山 丈二
消化器・一般外科 臨床研究支援センター 教授
東京大学 昭和59 年卒業

二刀流

2023年春、WBCで大谷翔平を主人公としたまるで漫画のようなストーリーが実現した。大谷選手は、その後もMLBの記録を塗り替えるような異次元の活躍を続けており、長い歴史を持つアメリカ大リーグに大きな変革をもたらしたと言って良い。(余談だが、大谷が歳を重ね、少し太ると、ベーブルースに似た顔つきになるように思うのだが、単なる偶然なのだろうか?)なにはともあれ、野球好きのオジサンにとっては誠にもって嬉しいかぎりの出来事である。

さて、二刀流というと、二天一流の開祖、宮本武蔵(1584?~1645年)が良く知られている。13歳で有馬某を倒して以来、29歳頃までに吉岡一門や佐々木小次郎など60余の決闘を行い、すべてに勝利したと言われているが、その実像はなかなか掴み難い。武蔵は、少年のころ、左右の手を使い二本の撥で太鼓を打つ人を見て、二刀流を考案したと伝えられている。ただ、それを可能にするには、並外れた膂力と運動神経に加え、異常ともいうべき気力が必要であり、彼以降に二天一流を受け継ぐ者は出なかったという。しかし、武蔵の最も卓越した点は、これならば自分の手に合うという判断を正確に行う「見切り」の能力であったと言われている。つまり、相手が自分よりも劣ることを「見切って」からでなければ、立ち合わないこと、これが彼の剣技の極意であったとされている。事実、武蔵は、柳生一門や神谷、小野などの当時の一流の剣客とは対決せず、30歳を過ぎてからは極力仕合を避けている。孫子の兵法における「敵を知り、己を知れば、百戦危うからず」に相通ずる哲理を熟知していたに違いない。

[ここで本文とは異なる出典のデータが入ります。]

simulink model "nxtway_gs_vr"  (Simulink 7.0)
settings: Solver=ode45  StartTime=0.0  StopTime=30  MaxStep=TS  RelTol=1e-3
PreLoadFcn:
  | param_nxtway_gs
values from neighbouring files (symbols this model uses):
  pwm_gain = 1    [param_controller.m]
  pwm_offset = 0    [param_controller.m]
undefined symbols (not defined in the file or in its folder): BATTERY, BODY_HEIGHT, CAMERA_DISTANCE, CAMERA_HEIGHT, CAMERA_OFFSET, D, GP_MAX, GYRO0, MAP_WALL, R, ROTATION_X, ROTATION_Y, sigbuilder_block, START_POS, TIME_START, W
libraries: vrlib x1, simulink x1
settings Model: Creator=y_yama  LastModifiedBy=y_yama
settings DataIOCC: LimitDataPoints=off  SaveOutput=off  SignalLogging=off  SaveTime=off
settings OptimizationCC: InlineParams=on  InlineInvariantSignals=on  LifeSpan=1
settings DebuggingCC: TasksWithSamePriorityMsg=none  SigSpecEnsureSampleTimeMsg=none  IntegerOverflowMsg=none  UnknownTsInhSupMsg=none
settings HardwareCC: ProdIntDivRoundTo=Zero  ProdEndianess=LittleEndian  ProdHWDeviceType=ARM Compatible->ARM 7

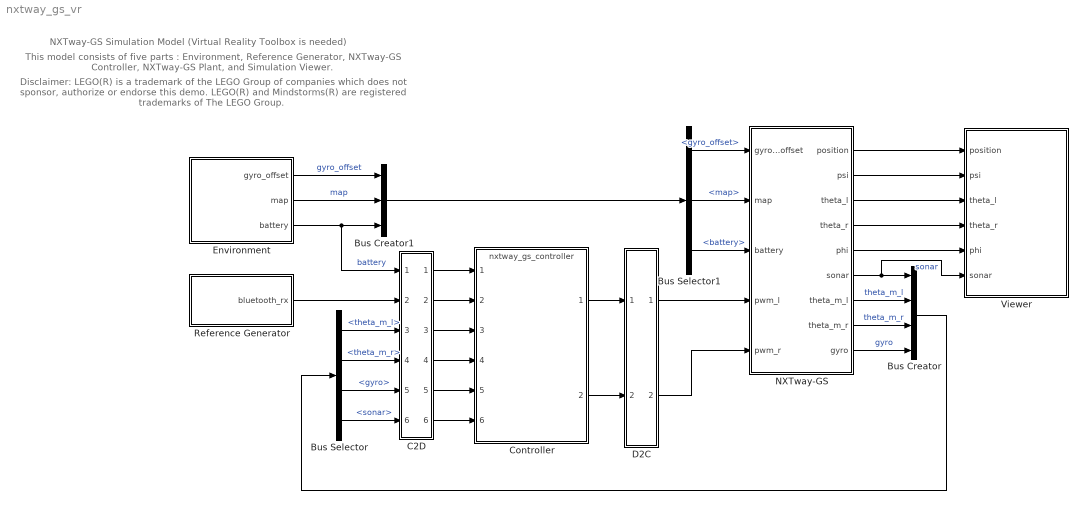
== system nxtway_gs_vr ==
  note: Disclaimer:
      | LEGO(R) is a trademark of the LEGO Group of companies which does not sponsor, authorize or endorse this demo.
      | LEGO(R) and Mindstorms(R) are registered trademarks of The LEGO Group.
  note: NXTway-GS Simulation Model (Virtual Reality Toolbox is needed)
  note: This model consists of five parts : Environment, Reference Generator, NXTway-GS Controller, NXTway-GS Plant, and Simulation Viewer.
  Bus Creator : BusCreator
  Bus Creator1 : BusCreator  Inputs=3
  Bus Selector : BusSelector  OutputSignals=theta_m_l,theta_m_r,gyro,sonar
  Bus Selector1 : BusSelector  OutputSignals=gyro_offset,map,battery
  C2D : Subsystem
      mask Display: fprintf('C2D')
  Controller : ModelReference  ModelName=nxtway_gs_controller  SimulationMode=Normal  ModelReferenceVersion=1.721  CopyOfModelName=nxtway_gs_controller
  D2C : Subsystem
      mask Display: fprintf('D2C')
  Environment : Subsystem
  NXTway-GS : Subsystem
  Reference Generator : Subsystem
  Viewer : Subsystem
  wires:
  Bus Creator/1 -> Bus Selector/1
  Environment/3(battery) -> C2D/1(In1), Bus Creator1/3  "battery"
  NXTway-GS/3(theta_l) -> Viewer/3(theta_l)
  NXTway-GS/4(theta_r) -> Viewer/4(theta_r)
  NXTway-GS/5(phi) -> Viewer/5(phi)
  Controller/1 -> D2C/1(In1)
  D2C/1(Out1) -> NXTway-GS/4(pwm_l)
  Controller/2 -> D2C/2(In2)
  D2C/2(Out2) -> NXTway-GS/5(pwm_r)
  C2D/1(Out1) -> Controller/1
  Reference Generator/1(bluetooth_rx) -> C2D/2(In2)
  C2D/2(Out2) -> Controller/2
  Bus Selector/1 -> C2D/3(In3)  "<theta_m_l>"
  Bus Selector/2 -> C2D/4(In4)  "<theta_m_r>"
  Bus Selector/3 -> C2D/5(In5)  "<gyro>"
  Bus Selector/4 -> C2D/6(In6)  "<sonar>"
  C2D/3(Out3) -> Controller/3
  C2D/4(Out4) -> Controller/4
  C2D/5(Out5) -> Controller/5
  C2D/6(Out6) -> Controller/6
  Environment/1(gyro_offset) -> Bus Creator1/1  "gyro_offset"
  Environment/2(map) -> Bus Creator1/2  "map"
  Bus Creator1/1 -> Bus Selector1/1
  Bus Selector1/1 -> NXTway-GS/1(gyro_offset)  "<gyro_offset>"
  Bus Selector1/2 -> NXTway-GS/2(map)  "<map>"
  Bus Selector1/3 -> NXTway-GS/3(battery)  "<battery>"
  NXTway-GS/2(psi) -> Viewer/2(psi)
  NXTway-GS/1(position) -> Viewer/1(position)
  NXTway-GS/6(sonar) -> Bus Creator/1, Viewer/6(sonar)  "sonar"
  NXTway-GS/7(theta_m_l) -> Bus Creator/2  "theta_m_l"
  NXTway-GS/8(theta_m_r) -> Bus Creator/3  "theta_m_r"
  NXTway-GS/9(gyro) -> Bus Creator/4  "gyro"

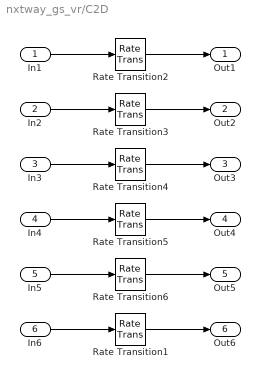
== system nxtway_gs_vr/C2D ==
  In1 : Inport  OutDataType=sfix(16)  OutScaling=2^0
  In2 : Inport  Port=2  OutDataType=sfix(16)  OutScaling=2^0
  In3 : Inport  Port=3  OutDataType=sfix(16)  OutScaling=2^0
  In4 : Inport  Port=4  OutDataType=sfix(16)  OutScaling=2^0
  In5 : Inport  Port=5  OutDataType=sfix(16)  OutScaling=2^0
  In6 : Inport  Port=6  OutDataType=sfix(16)  OutScaling=2^0
  Rate Transition{1..6} (6 alike) : RateTransition  Integrity=off  OutPortSampleTime=TS
      settings: AttributesFormatString=Ts=%<OutPortSampleTime>
  Out1 : Outport  OutDataType=sfix(16)  OutScaling=2^0
  Out2 : Outport  Port=2  OutDataType=sfix(16)  OutScaling=2^0
  Out3 : Outport  Port=3  OutDataType=sfix(16)  OutScaling=2^0
  Out4 : Outport  Port=4  OutDataType=sfix(16)  OutScaling=2^0
  Out5 : Outport  Port=5  OutDataType=sfix(16)  OutScaling=2^0
  Out6 : Outport  Port=6  OutDataType=sfix(16)  OutScaling=2^0
  wires:
  In1/1 -> Rate Transition2/1
  Rate Transition2/1 -> Out1/1
  In2/1 -> Rate Transition3/1
  In3/1 -> Rate Transition4/1
  Rate Transition3/1 -> Out2/1
  Rate Transition4/1 -> Out3/1
  In4/1 -> Rate Transition5/1
  Rate Transition5/1 -> Out4/1
  In5/1 -> Rate Transition6/1
  Rate Transition6/1 -> Out5/1
  In6/1 -> Rate Transition1/1
  Rate Transition1/1 -> Out6/1

== system nxtway_gs_vr/D2C ==
  In1 : Inport  OutDataType=sfix(16)  OutScaling=2^0
  In2 : Inport  Port=2  OutDataType=sfix(16)  OutScaling=2^0
  Rate Transition : RateTransition  Integrity=off  OutPortSampleTime=0
      settings: AttributesFormatString=Ts=%<OutPortSampleTime>
  Rate Transition1 : RateTransition  Integrity=off  OutPortSampleTime=0
      settings: AttributesFormatString=Ts=%<OutPortSampleTime>
  Out1 : Outport  SampleTime=0  OutDataType=sfix(16)  OutScaling=2^0
  Out2 : Outport  Port=2  SampleTime=0  OutDataType=sfix(16)  OutScaling=2^0
  wires:
  Rate Transition/1 -> Out1/1
  In1/1 -> Rate Transition/1
  Rate Transition1/1 -> Out2/1
  In2/1 -> Rate Transition1/1

== system nxtway_gs_vr/Environment ==
  note: Environment
  note: The charactaristics of sensors of NXTway-GS and external environment.
  Constant : Constant  Value=GYRO0  OutDataTypeMode=uint16  OutDataType=sfix(16)  OutScaling=2^0
      settings: AttributesFormatString=DataType = %<OutDataTypeStr>
  Constant1 : Constant  Value=MAP_WALL  VectorParams1D=off  OutDataTypeMode=boolean  OutDataType=sfix(16)  OutScaling=2^0
      settings: AttributesFormatString=DataType = %<OutDataTypeStr>
  Constant2 : Constant  Value=BATTERY  OutDataTypeMode=uint16  OutDataType=sfix(16)  OutScaling=2^0
      settings: AttributesFormatString=DataType = %<OutDataTypeStr>
  gyro_offset : Outport  OutDataType=sfix(16)  OutScaling=2^0
  map : Outport  Port=2  OutDataType=sfix(16)  OutScaling=2^0
  battery : Outport  Port=3  OutDataType=sfix(16)  OutScaling=2^0
  wires:
  Constant1/1 -> map/1
  Constant/1 -> gyro_offset/1
  Constant2/1 -> battery/1

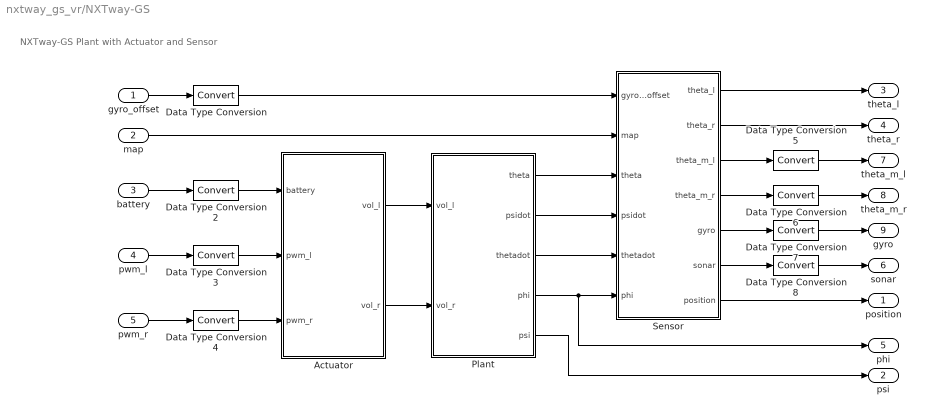
== system nxtway_gs_vr/NXTway-GS ==
  note: NXTway-GS Plant with Actuator and Sensor
  gyro_offset : Inport
  map : Inport  Port=2
  battery : Inport  Port=3
  pwm_l : Inport  Port=4
  pwm_r : Inport  Port=5
  Actuator : Subsystem
  Data Type Conversion{,2..4} (4 alike) : DataTypeConversion  OutDataTypeMode=double  OutDataType=sfix(16)  OutScaling=2^0  RndMeth=Nearest
      settings: AttributesFormatString=Round = %<RndMeth>
  Data Type Conversion5 : DataTypeConversion  OutDataTypeMode=int32  OutDataType=sfix(16)  OutScaling=2^0  RndMeth=Nearest
      settings: AttributesFormatString=Round = %<RndMeth>
  Data Type Conversion6 : DataTypeConversion  OutDataTypeMode=int32  OutDataType=sfix(16)  OutScaling=2^0  RndMeth=Nearest
      settings: AttributesFormatString=Round = %<RndMeth>
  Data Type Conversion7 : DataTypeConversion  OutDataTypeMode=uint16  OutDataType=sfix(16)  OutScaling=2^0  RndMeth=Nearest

話が変わるが、我々医療者が相手にするのは病気という敵であり、外科医はメスという刀を使って日々病気と戦っている。しかし、病気によっては、とても自分の手に負えないような難敵にもよく遭遇する。その場合、手術という名の「仕合」を避ける「見切り」の能力が必要になる。しかし、我々は外科医である前に医師である。その病気と闘うこと自体は避けられない。そこで、どうすればこの敵と戦えるのかを考えた結果、「研究」というもう一つの刀を持つことになるのである。しかし、昨今の医療事情から、外科医が臨床と研究の二刀流を遂行するのは極めて難しい状況になってきている。極度に細分化した医療情報の肥大化に伴い、医師の仕事は複雑多岐に及び、労働条件の悪化とともに外科医療の担い手が不足してきている。この傾向は今後ますます進んでゆくであろう。ただ、そんな中でも、この二刀流を追うことこそが、アカデミアの外科が目指すべき方向性であり、それを可能にするシステムを再生することが自分に残された仕事であると筆者は思っている。

またしても、「鬼滅譚」で恐縮だが、大正時代の二刀流、嘴平伊之助は、煉獄が残した言葉の重さと自身の未熟さの挟間で悲嘆にくれる炭次郎に対し、「弱気なこと言ってんじゃねぇ!なれるかなれないかなんてくだらねえこと言うんじゃねぇ!信じると言われたらそれに応えること以外考えんじゃねえ~」と叫ぶ。患者は医師を信じて治療を受ける。だから、それに応えることをシンプルに実行すれば、それはそれでよいのである。医療における二刀流を志す若き「伊之助たち」に会いたい。